On Wed, Mar 27, 2024 at 12:08 AM Aleksander Machniak <a...@alec.pl> wrote:

> On 27.03.2024 01:03, Saki Takamachi wrote:
> >> $num = new BcNum('1.23', 2);
> >> $result = $num + '1.23456';
> >> $result->value; // '2.46456'
> >> $result->scale; // ??
> >
> > In this case, `$result->scale` will be `'5'`. I added this to the RFC.
>
> I'm not sure I like this. Maybe we should be more strict here and treat
> the $scale in constructor (and later withScale()) as the actual scale
> for all operations.
>
>
For addition, it absolutely should expand scale like this, unless the
constructor also defines a default rounding type that is used in that
situation. All numbers, while arbitrary, will be finite, so addition will
always be exact and known based on inputs prior to calculation.

Treating scale like this isn't more strict, it's confusing. For instance:

```
$numA = new Number('1.23', 2);
$numB = new Number('1.23456', 5);

$expandedScale1 = $numA + $numB; // 2.46456
$expandedScale2 = $numB + $numA; // 2.46456

$strictScale1 = $numA + $numB; // 2.46 assuming truncation
$strictScale2 = $numB + $numA; // 2.46456
```

I ran into this same issue with operand ordering when I was writing my
operator overload RFC.

There are ways you could do the overload implementation that would get
around this for object + object operations, but it's also mathematically
unsound and probably unexpected for anyone who is going to the trouble of
using an arbitrary precision library.

Addition and subtraction should automatically use the largest scale from
all operands. Division and multiplication should require a specified scale.

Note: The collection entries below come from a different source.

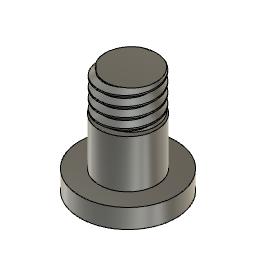
axle wheel right rear (Autodesk Fusion 360 design; units mm, degrees)
Autodesk Fusion 360 part; units mm, degrees
mesh "Mesh1" [no effect] in component "axle wheel right rear"
sketch "axle wheel right rear" plane through (0, 0, 0) normal (0, 0, 1) x (1, 0, 0) in component "axle wheel right rear"
  circle A0 centre (0, 0) radius 5
  circle A1 centre (0, 0) radius 3.0008
  constraint concentric A0 A1
extrude "Extrude1" add sketch "axle wheel right rear" along normal blind 2 contours A0 | A1 makes body 1 in component "axle wheel right rear"
extrude "Extrude2" add sketch "axle wheel right rear" along normal blind 7 contours A1 bodies 1 in component "axle wheel right rear"
extrude "Extrude3" add 1 faces at (0.1785, 0.782, 7) along direction (0, 0, 1) blind 4 separate body on bodies 1 makes body 2 in component "axle wheel right rear"
thread "Thread1" "ISO Metric profile 6.0 M6x1 6g" major diameter 5.884 minor diameter 4.7435 pitch 1 angle 60 modelled right hand crest width 0.1444 on face at (2.997, -0.1496, 9.6667) crest through (2.942, 0, 6.75) on bodies 2 in component "axle wheel right rear"
combine "Combine1" operation add target body 1 tool bodies 2 in component "axle wheel right rear"
component "axle wheel right rear" placed x (1, 0, 0) y (0, 1, 0) z (0, 0, 1) at (0, 0, 0)
named bodies: "axle wheel right rear"

Because of this, I'm not entirely sure that specifying a scale in the
constructor is actually a good thing. It is incredibly easy to create
situations, unless the implementation in C is VERY careful, where the
operand positions matter beyond the simple calculation. Multiplication is
commutative, but division is not. This would almost certainly lead to some
very difficult to track down bugs.

Putting scale in the constructor is similar to some of the examples of
"possible misuse cases of operator overloading" that I had to go over when
I was making my RFC. We definitely want to avoid that if possible for the
first number/math object that has operator overloads.